I found it all but impossible to measure the miles most of my food had traveled before getting to my table — but in terms of trash, I knew exactly how badly I had done. At the end of eight days, I had produced 24 pounds of what the L.A. Bureau of Sanitation calls “solid waste”: 10 pounds of recycling, 7 pounds of compost and 7 pounds of simple refuse. Even if half of that trash were chalked up to my wife, it’s significantly more than the City of Los Angeles’ estimate of 3.3 pounds of solid waste per person per day that I was aiming for.
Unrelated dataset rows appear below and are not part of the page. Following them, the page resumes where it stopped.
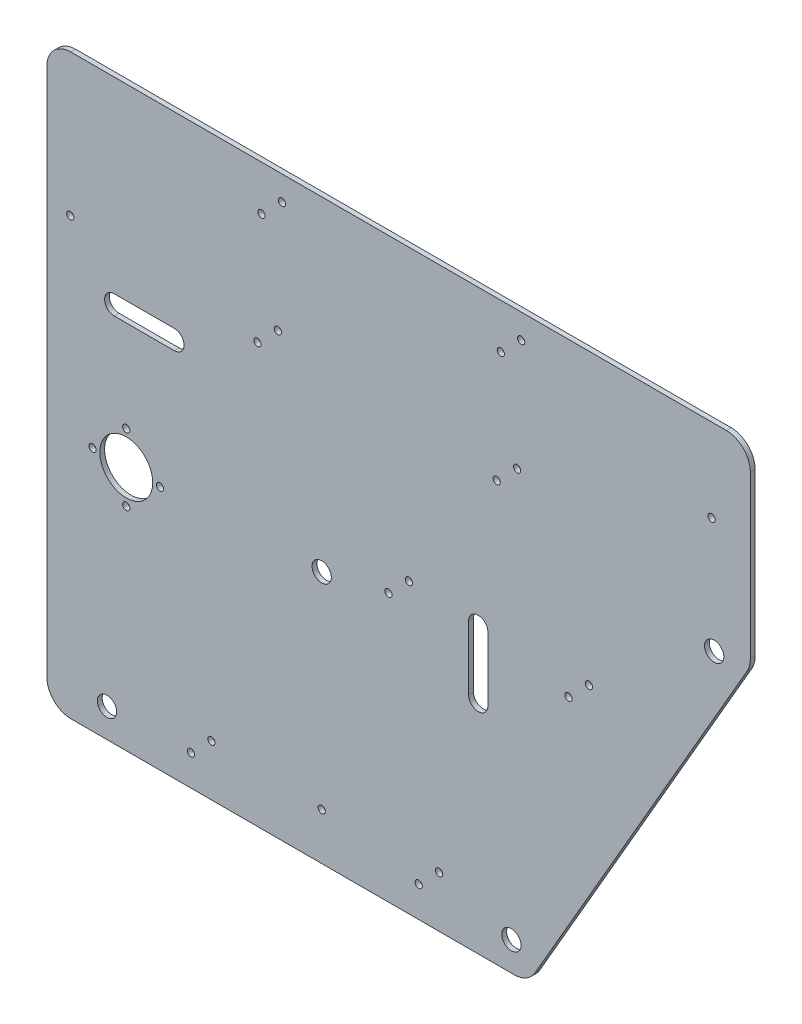
SolidWorks part; units mm, degrees
ref_plane "Front Plane" through (0, 0, 0) normal (0, 0, 1) x (1, 0, 0)
ref_plane "Top Plane" through (0, 0, 0) normal (0, 1, 0) x (1, 0, 0)
ref_plane "Right Plane" through (0, 0, 0) normal (1, 0, 0) x (0, 0, -1)
sketch "Sketch1" plane through (0, 0, 0) normal (0, 0, 1) x (1, 0, 0)
  line L0 (100, 80) -> (192.376, 80)
  line L1 (-100, -80) -> (100, -80)
  line L2 (-100, -80) -> (-100, 80)
  line L3 (-100, 80) -> (100, 80)
  line L4 (100, -80) -> (100, 80)
  line L5 (-100, -80) -> (100, 80) construction
  line L6 (-100, 80) -> (100, -80) construction
  line L7 (192.376, 80) -> (100, -80)
  line L8 (100, 80) -> (100, -80)
  line L10 (-100, 80) -> (192.376, 80)
  line L11 (-100, 80) -> (-100, 110)
  line L12 (-100, 110) -> (192.376, 110)
  line L13 (192.376, 80) -> (192.376, 110)
  point P0 (0, 0)
  dimension "D1" = 160
  dimension "D2" = 200
  dimension "D3" = 30
  dimension "D4" = 30
extrude "Boss-Extrude1" add sketch "Sketch1" along normal blind 2 contours L1 L4 L3 L2 | L7 L0 L4 | L11 L10 L13 L12 region at (0, 0, 0) region at (130.792, 26.6667, 0)
sketch "Sketch2" plane through (0, 0, 2) normal (0, 0, 1) x (1, 0, 0)
  line L0 (-100, -80) -> (100, -80) construction
  line L1 (192.376, 80) -> (100, -80) construction
  line L2 (79.2904, 11.2418) -> (79.2904, 37.9086) construction
  line L3 (-100, -80) -> (-100, 110) construction
  line L4 (-72, 78) -> (-47, 78) construction
  line L7 (-100, 110) -> (192.376, 110) construction
  line L8 (75.2904, 11.2418) -> (75.2904, 37.9086)
  line L9 (-72, 82) -> (-47, 82)
  line L10 (-72, 74) -> (-47, 74)
  line L11 (-100, -80) -> (-100, 110) construction
  line L12 (83.2904, 11.2418) -> (83.2904, 37.9086)
  circle A0 centre (93.0718, -68) radius 4
  circle A1 centre (177.3649, 78) radius 4
  circle A2 centre (-67, 22) radius 11
  circle A3 centre (-75, -68) radius 4
  circle A4 centre (-53, 22) radius 1.5
  circle A5 centre (-67, 36) radius 1.5
  circle A6 centre (-81, 22) radius 1.5
  circle A7 centre (-67, 8) radius 1.5
  circle A11 centre (54.5495, -67.2426) radius 1.5
  circle A12 centre (63.0348, -58.7574) radius 1.5
  circle A13 centre (14.2259, -60.5) radius 1.5
  circle A14 centre (-40.1271, -67.2426) radius 1.5
  circle A15 centre (-31.6419, -58.7574) radius 1.5
  circle A16 centre (-90.2956, 101.0243) radius 1.5
  circle A17 centre (-12.4828, 94.2817) radius 1.5
  circle A18 centre (-3.9975, 102.767) radius 1.5
  circle A19 centre (86.9654, 94.2817) radius 1.5
  circle A20 centre (95.4507, 102.767) radius 1.5
  circle A21 centre (41.9695, 31.2817) radius 1.5
  circle A22 centre (50.4548, 39.767) radius 1.5
  circle A23 centre (-39.813, 31.2817) radius 1.5 construction
  circle A24 centre (-31.3277, 39.767) radius 1.5 construction
  circle A25 centre (116.8113, 31.2817) radius 1.5
  circle A26 centre (125.2966, 39.767) radius 1.5
  circle A27 centre (79.2904, 25) radius 4 construction
  circle A28 centre (14.2259, 25) radius 4
  arc A29 (-72, 82) -> (-72, 74) centre (-72, 78) ccw
  arc A30 (-47, 74) -> (-47, 82) centre (-47, 78) ccw
  circle A31 centre (176.3056, 125.4889) radius 1.5
  arc A32 (75.2904, 11.2418) -> (83.2904, 11.2418) centre (79.2904, 11.2418) ccw
  arc A33 (83.2904, 37.9086) -> (75.2904, 37.9086) centre (79.2904, 37.9086) ccw
  circle A34 centre (-10.7791, 141.3442) radius 1.5
  circle A35 centre (-2.2938, 149.8294) radius 1.5
  circle A36 centre (88.6691, 141.3442) radius 1.5
  circle A37 centre (97.1544, 149.8294) radius 1.5
  point P26 (-59.5, 78)
  point P87 (79.2904, 24.5752)
  point P107 (0, 0)
  point P108 (176.3056, 125.4889)
  dimension "D3" = 8
  dimension "D4" = 8
  dimension "D9" = 22
  dimension "D10" = 8
  dimension "D12" = 3
  dimension "D13" = 3
  dimension "D14" = 3
  dimension "D15" = 3
  dimension "D16" = 14
  dimension "D20" = 8
  dimension "D22" = 4
  dimension "D25" = 3
  dimension "D26" = 3
  dimension "D29" = 8
  dimension "D28" = 3
  dimension "D1" = 12
  dimension "D2" = 12
  dimension "D5" = 32
  dimension "D6" = 12
  dimension "D7" = 88
  dimension "D8" = 33
  dimension "D11" = 12
  dimension "D17" = 14
  dimension "D18" = 14
  dimension "D19" = 14
  dimension "D21" = 85
  dimension "D23" = 28
  dimension "D24" = 25
  dimension "D27" = 25
  dimension "D30" = 8
extrude "Cut-Extrude1" cut sketch "Sketch2" against normal blind 3
sketch "Sketch4" plane through (0, 0, 2) normal (0, 0, 1) x (1, 0, 0)
  line L0 (192.376, 80) -> (192.376, 110) construction
  line L1 (-100, 110) -> (192.376, 110)
  line L2 (-100, 110) -> (-100, 160)
  line L3 (-100, 160) -> (192.376, 160)
  line L4 (192.376, 110) -> (192.376, 160)
  dimension "D1" = 50
extrude "Boss-Extrude2" add sketch "Sketch4" against normal blind 2
fillet "Fillet1" radius 10 5 edges at (192.376, 160, 1) (192.376, 80, 1) (100, -80, 1) (-100, -80, 1) (-100, 160, 1)
sketch "Sketch5" plane through (0, 0, 2) normal (0, 0, 1) x (1, 0, 0)
  circle A2 centre (-10.7791, 141.3442) radius 1.5
  circle A3 centre (-2.2938, 149.8294) radius 1.5
  circle A4 centre (88.6691, 141.3442) radius 1.5
  circle A5 centre (97.1544, 149.8294) radius 1.5
  circle A6 centre (176.3056, 125.4889) radius 1.5
  dimension "D1" = 3
extrude "Cut-Extrude2" cut sketch "Sketch5" against normal blind 11

There is one refuse category that I feel less badly about: the 13 Clif Bar wrappers that I accumulated over the course of the week. As a company, Clif is trying to do good by the earth and do well in its business. They use organic ingredients, they work hard to maximize the number of boxes that fit onto each pallet they ship, and they won’t ship a truck until it’s full. Every one of their employees is given up to $500 to buy or retrofit a bike for commuting purposes. And when it comes to each bar’s Mylar packaging, they know they’ve got a lot of room for improvement. “We don’t feel like the packaging we use now is perfect, and we’re looking for something better,” Clif Bar & Co. spokesperson Renée Davidson said. “We would love to have some compostable packaging. It doesn’t exist.”
Over the course of my eight-day experiment, I occasionally felt like a guy riding a bicycle next to someone who was driving a Hummer. Sometimes it was literally true; other times, like when I was looking at millions of square feet in Century City office space from a 3,000-square-foot house covered in solar panels, it was more metaphorical. Regardless, the conclusion was the same: Nothing one person could do alone would matter unless he could make broader changes in society.